Mr Blair is left in the contorted position of losing a minister while protesting his innocence. Yet a source close to Mr Blunkett told me at around 9am yesterday morning that the minister was determined to address a scheduled meeting with a parliamentary committee, at which Mr Blunkett would prove he was up to the job. It is quite a leap from an assertion of ministerial authority to a voluntary resignation from the Cabinet within half an hour.

Mr Blunkett's second resignation is traced directly to his affair with Kimberly Quinn. Even after the relationship lapsed into vindictive acrimony, Mr Blunkett referred to her longingly as "Kimberly". Determined, single-minded and yet easily intoxicated, Mr Blunkett sought to do a few favours for her as Home Secretary. It cost him his job last December. Seeking ways to finance subsequent legal battles has led to a second fall.

But Mr Blunkett's tragic course can be traced further back to a fundamental political judgement made long ago. In the late 1980s he displayed a dramatic and pivotal loyalty to Neil Kinnock, as the Labour leader set about reforming the party. Mr Blunkett was the star of his party at the time and the key figure on the left. Without his support, Mr Kinnock would not have prevailed in his project to modernise the Labour Party. From that moment on Mr Blunkett became wholly loyal to the leader of his party, whoever the leader happened to be. He was an ardent Kinnockite who became a passionate supporter of John Smith and then finally the cabinet minister that delivered for Mr Blair.

Since 1997 he has basked in the glow of Mr Blair's approval, but this has led to a disastrous complacency on other fronts. Evidently, he felt free to criticise cabinet colleagues and take a casual approach to the ill-defined rules that govern ministerial conduct. He supported the leader and the leader supported him. This was the dynamic that mattered to him.

It was in this context that Mr Blunkett made the most fatal misjudgement of the lot, criticising cabinet ministers to his biographer. Last December, in advance of his first resignation, few ministers leapt to his support. They have been even less helpful this time. Mr Blunkett was dependent on his relationship with the leader. At the beginning of the week Mr Blair had his doubts and could not fully disguise them when making public comments.

By yesterday morning those doubts were greater still. For some days he knew where this story was leading. The much bigger political issue is whether the latest ministerial resignation undermines Mr Blair's authority. It was Mr Blair who brought Mr Blunkett back to the Cabinet a few months after his first resignation and at a time when the returning minister was still in emotional turmoil. More immediately, Mr Blair has suffered a sequence of events eerily familiar with the dying days of John Major's administration. First, Mr Blair unequivocally supported his cabinet minister. Now he has lost that minister.

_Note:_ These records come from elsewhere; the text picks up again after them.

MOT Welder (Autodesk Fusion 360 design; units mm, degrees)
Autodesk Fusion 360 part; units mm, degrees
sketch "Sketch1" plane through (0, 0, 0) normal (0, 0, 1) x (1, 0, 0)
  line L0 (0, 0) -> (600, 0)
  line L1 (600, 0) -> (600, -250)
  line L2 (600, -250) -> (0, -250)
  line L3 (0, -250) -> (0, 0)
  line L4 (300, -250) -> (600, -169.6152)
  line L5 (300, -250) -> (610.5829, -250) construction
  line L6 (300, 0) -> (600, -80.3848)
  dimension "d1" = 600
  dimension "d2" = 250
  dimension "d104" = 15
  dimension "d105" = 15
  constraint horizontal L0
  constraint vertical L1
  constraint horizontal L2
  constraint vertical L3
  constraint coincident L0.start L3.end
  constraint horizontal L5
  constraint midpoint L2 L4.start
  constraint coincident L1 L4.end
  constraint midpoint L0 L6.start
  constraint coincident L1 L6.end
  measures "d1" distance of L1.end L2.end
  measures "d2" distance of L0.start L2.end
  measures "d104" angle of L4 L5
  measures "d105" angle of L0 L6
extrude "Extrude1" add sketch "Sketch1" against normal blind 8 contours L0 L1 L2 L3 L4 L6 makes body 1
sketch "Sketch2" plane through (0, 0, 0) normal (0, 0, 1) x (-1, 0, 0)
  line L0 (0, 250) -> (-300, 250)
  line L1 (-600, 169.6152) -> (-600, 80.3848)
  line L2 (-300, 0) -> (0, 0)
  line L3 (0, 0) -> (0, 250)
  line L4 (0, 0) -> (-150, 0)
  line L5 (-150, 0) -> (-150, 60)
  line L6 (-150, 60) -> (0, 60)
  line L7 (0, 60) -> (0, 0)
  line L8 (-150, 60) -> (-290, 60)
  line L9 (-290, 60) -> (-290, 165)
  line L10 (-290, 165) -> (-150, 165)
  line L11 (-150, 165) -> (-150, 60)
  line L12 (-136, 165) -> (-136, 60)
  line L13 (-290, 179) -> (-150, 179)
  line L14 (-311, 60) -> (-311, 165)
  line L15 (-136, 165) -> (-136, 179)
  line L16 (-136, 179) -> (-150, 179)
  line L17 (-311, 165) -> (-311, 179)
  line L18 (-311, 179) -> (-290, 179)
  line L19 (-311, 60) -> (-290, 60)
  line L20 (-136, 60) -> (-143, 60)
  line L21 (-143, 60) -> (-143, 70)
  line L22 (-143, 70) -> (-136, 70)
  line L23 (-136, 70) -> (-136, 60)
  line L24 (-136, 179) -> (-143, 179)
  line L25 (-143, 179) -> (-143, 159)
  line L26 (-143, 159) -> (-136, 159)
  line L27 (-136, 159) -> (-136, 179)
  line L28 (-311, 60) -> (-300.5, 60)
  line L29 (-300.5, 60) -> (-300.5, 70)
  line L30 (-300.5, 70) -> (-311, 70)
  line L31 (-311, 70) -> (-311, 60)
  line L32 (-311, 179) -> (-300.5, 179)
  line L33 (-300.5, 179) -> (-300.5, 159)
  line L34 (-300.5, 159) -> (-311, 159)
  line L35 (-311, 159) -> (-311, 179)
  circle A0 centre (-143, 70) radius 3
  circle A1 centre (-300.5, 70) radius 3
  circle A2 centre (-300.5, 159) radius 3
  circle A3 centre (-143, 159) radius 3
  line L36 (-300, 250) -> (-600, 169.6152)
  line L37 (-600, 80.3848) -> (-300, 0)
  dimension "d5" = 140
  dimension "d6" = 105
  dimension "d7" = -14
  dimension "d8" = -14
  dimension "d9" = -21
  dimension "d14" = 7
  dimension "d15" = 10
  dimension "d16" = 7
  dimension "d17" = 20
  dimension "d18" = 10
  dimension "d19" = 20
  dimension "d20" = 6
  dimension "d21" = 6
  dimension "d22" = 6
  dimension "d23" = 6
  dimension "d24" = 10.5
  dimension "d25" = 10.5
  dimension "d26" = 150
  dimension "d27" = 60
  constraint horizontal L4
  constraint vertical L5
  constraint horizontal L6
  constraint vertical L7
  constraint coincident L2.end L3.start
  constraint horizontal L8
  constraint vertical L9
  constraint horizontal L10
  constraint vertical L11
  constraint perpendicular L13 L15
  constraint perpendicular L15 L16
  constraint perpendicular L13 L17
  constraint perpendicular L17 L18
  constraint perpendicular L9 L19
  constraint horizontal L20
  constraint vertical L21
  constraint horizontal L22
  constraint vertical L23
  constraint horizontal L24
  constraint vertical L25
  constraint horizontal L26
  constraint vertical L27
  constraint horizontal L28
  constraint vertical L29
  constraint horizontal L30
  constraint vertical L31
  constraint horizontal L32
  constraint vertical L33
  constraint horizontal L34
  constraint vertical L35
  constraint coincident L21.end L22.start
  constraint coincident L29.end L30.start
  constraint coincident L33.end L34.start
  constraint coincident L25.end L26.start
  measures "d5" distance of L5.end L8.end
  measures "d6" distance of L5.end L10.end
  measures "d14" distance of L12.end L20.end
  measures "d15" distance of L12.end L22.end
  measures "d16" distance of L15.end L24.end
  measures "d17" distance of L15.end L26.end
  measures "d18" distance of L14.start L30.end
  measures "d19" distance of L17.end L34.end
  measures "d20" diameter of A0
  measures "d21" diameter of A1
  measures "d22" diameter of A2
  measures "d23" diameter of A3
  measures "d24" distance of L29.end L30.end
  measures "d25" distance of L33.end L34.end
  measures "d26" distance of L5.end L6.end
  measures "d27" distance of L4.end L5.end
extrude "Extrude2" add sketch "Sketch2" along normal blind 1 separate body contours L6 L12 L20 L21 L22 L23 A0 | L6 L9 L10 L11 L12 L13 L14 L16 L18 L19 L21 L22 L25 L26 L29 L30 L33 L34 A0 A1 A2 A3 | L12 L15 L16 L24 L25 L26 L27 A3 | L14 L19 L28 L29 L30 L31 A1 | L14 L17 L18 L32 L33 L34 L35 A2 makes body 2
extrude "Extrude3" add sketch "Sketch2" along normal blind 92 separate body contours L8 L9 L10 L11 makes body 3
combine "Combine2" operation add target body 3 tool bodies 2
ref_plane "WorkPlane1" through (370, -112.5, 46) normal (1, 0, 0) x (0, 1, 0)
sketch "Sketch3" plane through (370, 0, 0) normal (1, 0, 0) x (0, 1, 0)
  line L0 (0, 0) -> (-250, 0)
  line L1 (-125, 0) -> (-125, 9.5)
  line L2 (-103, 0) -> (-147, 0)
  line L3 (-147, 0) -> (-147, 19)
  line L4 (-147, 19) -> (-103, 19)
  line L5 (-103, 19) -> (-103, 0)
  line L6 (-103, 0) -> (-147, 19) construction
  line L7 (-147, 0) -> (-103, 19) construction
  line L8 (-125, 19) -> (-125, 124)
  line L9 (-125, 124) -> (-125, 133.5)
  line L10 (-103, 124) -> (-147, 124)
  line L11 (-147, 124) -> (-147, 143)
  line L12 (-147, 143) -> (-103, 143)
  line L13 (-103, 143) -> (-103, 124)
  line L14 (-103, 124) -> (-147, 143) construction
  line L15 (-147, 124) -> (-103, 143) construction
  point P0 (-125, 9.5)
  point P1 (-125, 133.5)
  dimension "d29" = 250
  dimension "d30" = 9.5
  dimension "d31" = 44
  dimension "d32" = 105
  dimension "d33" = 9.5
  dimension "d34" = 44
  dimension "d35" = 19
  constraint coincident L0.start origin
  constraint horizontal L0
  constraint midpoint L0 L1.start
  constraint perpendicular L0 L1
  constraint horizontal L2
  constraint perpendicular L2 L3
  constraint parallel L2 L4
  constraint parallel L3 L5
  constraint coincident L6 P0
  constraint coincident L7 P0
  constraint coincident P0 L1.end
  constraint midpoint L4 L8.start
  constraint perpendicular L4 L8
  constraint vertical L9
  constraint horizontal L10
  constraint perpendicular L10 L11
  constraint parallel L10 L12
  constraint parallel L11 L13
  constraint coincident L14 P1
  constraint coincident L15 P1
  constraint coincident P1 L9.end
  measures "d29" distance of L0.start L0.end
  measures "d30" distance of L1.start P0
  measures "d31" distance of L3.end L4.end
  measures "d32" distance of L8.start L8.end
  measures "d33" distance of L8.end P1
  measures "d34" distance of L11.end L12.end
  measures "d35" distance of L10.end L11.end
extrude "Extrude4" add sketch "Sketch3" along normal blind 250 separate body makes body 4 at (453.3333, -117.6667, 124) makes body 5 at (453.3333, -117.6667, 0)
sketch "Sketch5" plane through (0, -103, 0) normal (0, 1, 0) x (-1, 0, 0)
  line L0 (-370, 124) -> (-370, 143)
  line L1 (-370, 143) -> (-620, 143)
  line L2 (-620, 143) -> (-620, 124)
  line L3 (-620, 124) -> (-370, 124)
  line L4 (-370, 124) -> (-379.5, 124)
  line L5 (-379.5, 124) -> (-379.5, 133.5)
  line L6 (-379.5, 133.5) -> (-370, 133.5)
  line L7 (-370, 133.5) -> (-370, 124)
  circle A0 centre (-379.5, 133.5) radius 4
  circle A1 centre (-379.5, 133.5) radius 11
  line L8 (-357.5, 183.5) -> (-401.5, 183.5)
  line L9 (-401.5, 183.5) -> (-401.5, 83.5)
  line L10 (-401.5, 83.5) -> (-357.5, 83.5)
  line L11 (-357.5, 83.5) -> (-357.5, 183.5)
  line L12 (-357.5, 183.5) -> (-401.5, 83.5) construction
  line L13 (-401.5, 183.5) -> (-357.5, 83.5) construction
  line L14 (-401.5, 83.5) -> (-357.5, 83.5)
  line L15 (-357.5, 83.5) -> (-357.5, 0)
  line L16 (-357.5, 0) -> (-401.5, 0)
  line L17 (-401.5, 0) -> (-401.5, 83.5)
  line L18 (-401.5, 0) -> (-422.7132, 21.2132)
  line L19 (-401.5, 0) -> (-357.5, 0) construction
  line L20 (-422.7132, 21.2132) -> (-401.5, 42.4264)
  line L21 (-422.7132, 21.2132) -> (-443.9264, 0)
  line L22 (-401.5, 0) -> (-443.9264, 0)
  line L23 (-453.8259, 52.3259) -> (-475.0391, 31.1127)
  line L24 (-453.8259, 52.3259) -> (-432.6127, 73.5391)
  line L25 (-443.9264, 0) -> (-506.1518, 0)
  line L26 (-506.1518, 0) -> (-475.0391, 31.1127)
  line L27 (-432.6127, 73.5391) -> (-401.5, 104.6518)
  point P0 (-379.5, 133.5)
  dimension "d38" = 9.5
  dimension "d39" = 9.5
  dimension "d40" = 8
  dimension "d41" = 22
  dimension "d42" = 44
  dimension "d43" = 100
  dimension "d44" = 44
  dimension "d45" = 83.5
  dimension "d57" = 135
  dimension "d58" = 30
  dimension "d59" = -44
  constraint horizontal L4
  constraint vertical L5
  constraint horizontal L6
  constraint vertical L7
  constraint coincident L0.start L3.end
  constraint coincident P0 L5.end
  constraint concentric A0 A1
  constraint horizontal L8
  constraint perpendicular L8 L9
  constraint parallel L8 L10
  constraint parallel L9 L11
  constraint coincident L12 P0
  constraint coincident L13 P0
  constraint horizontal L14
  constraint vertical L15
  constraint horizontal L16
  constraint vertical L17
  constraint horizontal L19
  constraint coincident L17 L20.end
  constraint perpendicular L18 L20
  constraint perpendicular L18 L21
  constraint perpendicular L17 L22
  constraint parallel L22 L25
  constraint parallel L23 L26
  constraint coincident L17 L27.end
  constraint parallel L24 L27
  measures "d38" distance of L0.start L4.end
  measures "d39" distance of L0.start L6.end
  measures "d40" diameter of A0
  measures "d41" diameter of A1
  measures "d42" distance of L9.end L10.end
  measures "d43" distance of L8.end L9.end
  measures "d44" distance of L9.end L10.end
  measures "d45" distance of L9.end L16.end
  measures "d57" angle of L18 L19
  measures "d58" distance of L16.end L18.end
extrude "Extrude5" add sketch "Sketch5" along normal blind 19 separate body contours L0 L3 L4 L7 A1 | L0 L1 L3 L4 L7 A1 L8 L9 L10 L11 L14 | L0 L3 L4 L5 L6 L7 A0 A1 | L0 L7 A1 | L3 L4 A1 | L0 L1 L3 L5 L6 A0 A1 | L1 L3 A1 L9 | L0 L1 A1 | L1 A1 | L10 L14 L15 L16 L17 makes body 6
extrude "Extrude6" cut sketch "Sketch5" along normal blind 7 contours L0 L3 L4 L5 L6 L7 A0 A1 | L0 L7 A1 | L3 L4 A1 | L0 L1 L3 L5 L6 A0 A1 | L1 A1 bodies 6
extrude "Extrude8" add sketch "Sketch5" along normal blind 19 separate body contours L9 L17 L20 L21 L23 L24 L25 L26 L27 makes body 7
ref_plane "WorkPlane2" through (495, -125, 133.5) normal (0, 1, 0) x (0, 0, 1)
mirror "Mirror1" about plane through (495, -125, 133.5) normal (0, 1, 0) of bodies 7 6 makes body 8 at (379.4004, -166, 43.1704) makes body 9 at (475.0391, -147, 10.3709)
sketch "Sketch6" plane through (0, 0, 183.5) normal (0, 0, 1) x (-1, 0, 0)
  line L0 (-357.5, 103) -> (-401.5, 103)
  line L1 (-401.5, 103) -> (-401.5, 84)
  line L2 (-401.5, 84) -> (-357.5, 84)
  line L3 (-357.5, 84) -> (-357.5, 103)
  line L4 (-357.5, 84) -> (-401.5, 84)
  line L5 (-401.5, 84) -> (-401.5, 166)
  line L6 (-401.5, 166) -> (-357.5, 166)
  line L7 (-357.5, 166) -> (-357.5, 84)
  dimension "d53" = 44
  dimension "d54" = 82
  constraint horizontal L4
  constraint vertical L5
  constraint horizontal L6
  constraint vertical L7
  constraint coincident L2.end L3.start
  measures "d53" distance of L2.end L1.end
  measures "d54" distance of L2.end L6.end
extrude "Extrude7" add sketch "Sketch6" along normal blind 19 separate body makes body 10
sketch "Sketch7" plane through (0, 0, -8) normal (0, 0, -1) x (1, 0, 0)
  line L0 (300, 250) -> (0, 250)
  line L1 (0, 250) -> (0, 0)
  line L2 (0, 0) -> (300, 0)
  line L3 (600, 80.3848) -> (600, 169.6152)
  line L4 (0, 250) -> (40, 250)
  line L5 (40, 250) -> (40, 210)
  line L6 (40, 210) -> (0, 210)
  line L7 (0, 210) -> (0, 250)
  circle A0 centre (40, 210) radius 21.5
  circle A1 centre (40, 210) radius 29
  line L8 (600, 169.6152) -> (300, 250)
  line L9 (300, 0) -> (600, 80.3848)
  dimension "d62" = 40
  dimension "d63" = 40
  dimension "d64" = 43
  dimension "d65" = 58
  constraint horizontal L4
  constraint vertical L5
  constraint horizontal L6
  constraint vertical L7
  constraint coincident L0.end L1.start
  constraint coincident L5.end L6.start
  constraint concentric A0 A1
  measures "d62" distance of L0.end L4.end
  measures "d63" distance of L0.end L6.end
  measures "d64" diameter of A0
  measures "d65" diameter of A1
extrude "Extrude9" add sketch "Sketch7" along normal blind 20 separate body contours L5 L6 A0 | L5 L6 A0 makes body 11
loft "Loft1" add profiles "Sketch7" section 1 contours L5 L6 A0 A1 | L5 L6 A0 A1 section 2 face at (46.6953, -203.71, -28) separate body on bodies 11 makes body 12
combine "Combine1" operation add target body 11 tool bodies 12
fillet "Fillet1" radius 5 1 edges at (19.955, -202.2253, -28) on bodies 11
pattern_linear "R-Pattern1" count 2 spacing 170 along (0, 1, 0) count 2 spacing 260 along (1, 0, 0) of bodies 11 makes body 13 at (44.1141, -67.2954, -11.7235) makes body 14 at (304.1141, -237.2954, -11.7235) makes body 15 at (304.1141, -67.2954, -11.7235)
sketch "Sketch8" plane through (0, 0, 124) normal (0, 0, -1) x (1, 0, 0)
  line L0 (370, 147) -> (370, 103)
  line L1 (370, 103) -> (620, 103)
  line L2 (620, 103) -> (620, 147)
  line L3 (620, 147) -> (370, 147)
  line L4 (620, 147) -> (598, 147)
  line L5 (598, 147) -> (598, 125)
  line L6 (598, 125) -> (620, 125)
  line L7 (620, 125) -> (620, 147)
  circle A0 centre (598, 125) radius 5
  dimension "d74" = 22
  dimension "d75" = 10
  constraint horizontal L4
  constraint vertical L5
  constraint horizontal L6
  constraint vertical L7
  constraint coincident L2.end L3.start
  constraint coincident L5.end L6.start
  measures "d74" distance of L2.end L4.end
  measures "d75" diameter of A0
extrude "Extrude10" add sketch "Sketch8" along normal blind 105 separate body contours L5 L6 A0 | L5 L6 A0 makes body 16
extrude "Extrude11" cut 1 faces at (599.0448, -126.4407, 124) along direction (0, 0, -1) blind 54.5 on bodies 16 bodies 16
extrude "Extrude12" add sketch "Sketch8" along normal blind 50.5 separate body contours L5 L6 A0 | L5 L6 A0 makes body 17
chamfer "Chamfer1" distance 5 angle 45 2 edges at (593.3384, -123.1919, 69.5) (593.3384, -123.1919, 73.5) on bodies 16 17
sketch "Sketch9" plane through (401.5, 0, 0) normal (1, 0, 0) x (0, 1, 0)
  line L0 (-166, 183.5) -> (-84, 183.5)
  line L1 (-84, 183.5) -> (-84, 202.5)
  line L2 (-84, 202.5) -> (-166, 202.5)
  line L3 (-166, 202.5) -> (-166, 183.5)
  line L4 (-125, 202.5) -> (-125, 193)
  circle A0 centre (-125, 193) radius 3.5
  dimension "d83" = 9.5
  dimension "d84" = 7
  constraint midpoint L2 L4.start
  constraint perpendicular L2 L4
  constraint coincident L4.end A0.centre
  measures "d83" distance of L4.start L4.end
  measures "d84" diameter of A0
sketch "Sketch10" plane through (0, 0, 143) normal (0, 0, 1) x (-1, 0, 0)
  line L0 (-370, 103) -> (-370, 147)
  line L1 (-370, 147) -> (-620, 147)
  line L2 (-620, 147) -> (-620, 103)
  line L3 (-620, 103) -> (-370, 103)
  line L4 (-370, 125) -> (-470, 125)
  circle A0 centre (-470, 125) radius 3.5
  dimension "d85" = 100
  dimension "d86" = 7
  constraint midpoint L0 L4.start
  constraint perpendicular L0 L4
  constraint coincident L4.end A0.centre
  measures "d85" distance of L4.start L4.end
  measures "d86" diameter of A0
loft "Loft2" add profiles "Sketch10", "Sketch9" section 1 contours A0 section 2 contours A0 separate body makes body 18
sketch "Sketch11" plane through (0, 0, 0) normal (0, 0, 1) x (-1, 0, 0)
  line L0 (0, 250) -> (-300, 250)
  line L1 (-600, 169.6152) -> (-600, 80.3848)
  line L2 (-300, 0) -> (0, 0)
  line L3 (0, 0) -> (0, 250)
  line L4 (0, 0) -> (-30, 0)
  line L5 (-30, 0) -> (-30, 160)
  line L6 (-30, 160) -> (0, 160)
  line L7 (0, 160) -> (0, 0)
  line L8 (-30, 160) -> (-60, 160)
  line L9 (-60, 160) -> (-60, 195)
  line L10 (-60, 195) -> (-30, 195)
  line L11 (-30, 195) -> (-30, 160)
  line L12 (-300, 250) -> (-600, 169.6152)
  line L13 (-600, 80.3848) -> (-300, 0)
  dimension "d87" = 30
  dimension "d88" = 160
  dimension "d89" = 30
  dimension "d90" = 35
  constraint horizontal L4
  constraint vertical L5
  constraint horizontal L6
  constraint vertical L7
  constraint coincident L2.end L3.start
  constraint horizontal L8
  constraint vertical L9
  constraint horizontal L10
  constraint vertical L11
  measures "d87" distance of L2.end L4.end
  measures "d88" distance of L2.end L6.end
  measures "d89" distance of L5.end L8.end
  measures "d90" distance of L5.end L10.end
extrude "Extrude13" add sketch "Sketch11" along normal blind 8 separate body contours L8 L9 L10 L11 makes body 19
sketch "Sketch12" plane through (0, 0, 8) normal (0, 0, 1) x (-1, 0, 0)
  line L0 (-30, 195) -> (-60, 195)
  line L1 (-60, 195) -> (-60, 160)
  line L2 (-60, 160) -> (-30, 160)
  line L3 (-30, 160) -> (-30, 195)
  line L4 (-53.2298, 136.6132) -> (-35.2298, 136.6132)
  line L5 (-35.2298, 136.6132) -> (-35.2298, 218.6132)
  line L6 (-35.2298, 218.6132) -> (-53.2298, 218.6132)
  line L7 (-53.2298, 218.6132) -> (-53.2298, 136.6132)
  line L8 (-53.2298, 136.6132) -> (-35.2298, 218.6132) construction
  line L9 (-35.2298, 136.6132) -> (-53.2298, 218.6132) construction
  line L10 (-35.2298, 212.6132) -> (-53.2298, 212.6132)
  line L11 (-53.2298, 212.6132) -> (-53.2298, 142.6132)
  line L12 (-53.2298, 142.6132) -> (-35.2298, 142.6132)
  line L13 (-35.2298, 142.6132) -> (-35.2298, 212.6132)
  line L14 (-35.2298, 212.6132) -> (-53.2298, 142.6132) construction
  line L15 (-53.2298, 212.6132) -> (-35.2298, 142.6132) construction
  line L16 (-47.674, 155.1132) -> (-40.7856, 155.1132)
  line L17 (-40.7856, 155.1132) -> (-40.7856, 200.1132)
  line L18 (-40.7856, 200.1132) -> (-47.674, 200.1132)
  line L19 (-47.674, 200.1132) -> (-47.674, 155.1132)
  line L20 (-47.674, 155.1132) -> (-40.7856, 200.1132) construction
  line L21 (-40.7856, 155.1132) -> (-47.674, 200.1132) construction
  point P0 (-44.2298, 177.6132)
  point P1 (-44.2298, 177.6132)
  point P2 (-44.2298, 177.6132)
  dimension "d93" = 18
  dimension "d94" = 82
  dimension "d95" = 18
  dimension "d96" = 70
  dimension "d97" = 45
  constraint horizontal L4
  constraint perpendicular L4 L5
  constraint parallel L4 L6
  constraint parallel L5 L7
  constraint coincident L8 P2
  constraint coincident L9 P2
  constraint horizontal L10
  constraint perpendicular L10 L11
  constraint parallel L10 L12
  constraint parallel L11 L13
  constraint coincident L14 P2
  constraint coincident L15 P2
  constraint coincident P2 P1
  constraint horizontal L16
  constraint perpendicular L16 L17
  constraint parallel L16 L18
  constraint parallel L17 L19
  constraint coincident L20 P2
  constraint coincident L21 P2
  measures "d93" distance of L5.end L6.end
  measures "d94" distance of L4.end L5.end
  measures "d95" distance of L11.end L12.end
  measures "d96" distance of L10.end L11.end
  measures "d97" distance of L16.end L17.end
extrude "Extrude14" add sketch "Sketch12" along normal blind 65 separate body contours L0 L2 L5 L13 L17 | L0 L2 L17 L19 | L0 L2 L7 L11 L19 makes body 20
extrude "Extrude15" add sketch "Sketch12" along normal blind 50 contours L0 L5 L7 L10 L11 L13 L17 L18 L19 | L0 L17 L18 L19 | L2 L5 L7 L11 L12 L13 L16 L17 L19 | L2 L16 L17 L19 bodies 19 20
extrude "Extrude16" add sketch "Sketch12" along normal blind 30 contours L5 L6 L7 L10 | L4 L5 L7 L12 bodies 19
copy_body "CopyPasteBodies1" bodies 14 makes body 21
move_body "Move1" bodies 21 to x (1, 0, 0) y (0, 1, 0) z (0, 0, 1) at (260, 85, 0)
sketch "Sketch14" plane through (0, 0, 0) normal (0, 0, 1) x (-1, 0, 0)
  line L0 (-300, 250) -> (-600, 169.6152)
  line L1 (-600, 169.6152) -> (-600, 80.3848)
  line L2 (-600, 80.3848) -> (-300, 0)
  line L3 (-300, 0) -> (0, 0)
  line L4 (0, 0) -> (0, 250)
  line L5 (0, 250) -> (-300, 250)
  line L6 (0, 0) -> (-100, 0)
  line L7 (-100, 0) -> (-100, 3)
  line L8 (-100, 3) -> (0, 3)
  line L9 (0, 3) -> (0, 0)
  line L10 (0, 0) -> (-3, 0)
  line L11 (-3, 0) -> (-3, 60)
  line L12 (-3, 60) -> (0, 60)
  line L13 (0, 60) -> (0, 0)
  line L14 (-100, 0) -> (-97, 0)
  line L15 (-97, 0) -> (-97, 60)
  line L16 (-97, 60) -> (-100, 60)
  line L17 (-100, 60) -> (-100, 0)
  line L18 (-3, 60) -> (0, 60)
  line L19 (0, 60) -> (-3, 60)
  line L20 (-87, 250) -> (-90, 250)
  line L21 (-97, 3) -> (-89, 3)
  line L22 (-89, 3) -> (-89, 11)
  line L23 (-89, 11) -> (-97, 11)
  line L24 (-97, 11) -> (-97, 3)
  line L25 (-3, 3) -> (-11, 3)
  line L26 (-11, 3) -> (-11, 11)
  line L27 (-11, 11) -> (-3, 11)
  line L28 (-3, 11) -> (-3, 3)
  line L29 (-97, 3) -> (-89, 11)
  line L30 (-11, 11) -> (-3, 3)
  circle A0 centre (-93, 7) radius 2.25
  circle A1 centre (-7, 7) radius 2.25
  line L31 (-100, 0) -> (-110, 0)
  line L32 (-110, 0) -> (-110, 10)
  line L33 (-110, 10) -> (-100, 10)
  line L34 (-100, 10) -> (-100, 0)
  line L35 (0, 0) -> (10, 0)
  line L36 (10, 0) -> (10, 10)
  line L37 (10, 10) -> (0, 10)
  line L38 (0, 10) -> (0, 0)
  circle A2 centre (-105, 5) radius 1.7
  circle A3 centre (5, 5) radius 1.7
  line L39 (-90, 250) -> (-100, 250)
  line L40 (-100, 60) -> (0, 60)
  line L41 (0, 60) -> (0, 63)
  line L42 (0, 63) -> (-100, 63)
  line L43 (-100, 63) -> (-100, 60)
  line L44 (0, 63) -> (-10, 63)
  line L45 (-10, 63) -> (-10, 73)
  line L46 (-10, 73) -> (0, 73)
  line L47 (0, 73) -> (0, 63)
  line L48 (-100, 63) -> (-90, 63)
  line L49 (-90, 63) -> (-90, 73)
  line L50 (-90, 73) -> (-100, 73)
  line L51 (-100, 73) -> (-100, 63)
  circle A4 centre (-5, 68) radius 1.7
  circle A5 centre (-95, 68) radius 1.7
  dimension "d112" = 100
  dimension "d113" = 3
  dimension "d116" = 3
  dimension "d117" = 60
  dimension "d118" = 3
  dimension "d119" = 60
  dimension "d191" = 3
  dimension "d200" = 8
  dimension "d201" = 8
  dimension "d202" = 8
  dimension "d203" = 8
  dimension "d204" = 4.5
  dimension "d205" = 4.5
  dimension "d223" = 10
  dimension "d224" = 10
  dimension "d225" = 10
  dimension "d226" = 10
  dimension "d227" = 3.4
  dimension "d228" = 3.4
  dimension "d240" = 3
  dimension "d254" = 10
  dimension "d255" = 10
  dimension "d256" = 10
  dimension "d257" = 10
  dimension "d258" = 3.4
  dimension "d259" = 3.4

If these events had happened in the first two terms Mr Blair would have strode on unharmed. In each case, his actions can be justified. After the election, few criticised the return of the widely liked Mr Blunkett. More immediately, Mr Blair made a judgement about the gravity of Mr Blunkett's misdemeanours and decided they were not worthy of destroying the ministerial career of a remarkable political figure. Mr Blunkett made a single mistake revealed in last weekend's The Independent on Sunday. He failed to consult the Advisory Committee on Business Appointments, a procedural oversight. It is a relatively minor offence. Even so, it follows the minor misdemeanours that arose when he lost his job last December. There is a limit to the number of minor offences a cabinet minister can commit. He had no choice but to go.

The context is more important than the details. At a point when ministers and MPs contemplate a future with a new leader, Mr Blair seeks to assert his authority on a range of policy fronts. The supreme test for Mr Blair's authority is not his handling of a cabinet reshuffle. He retains the powers of patronage and moved quickly yesterday to replace Mr Blunkett with John Hutton, an articulate and committed ally. But can he get his reforms through Parliament? This is his big challenge.

Mr Blair poses a different test for some in the Labour Party. Are the Cabinet and MPs ready to support reforms or leave valuable political space for a revived Conservative Party? Yesterday's vote on the anti-terrorist proposals suggests that Labour MPs are failing Mr Blair's test. It also suggests they plan to make it very difficult for Mr Blair to pass his.

Next month the Government plans to publish its latest reforms for the NHS, a moment of growing significance. The resignation of Mr Blunkett does not leave Mr Blair as a lame-duck Prime Minister. But, if he cannot get his reforms through Parliament, he will be more than lame. The Blair era will be over.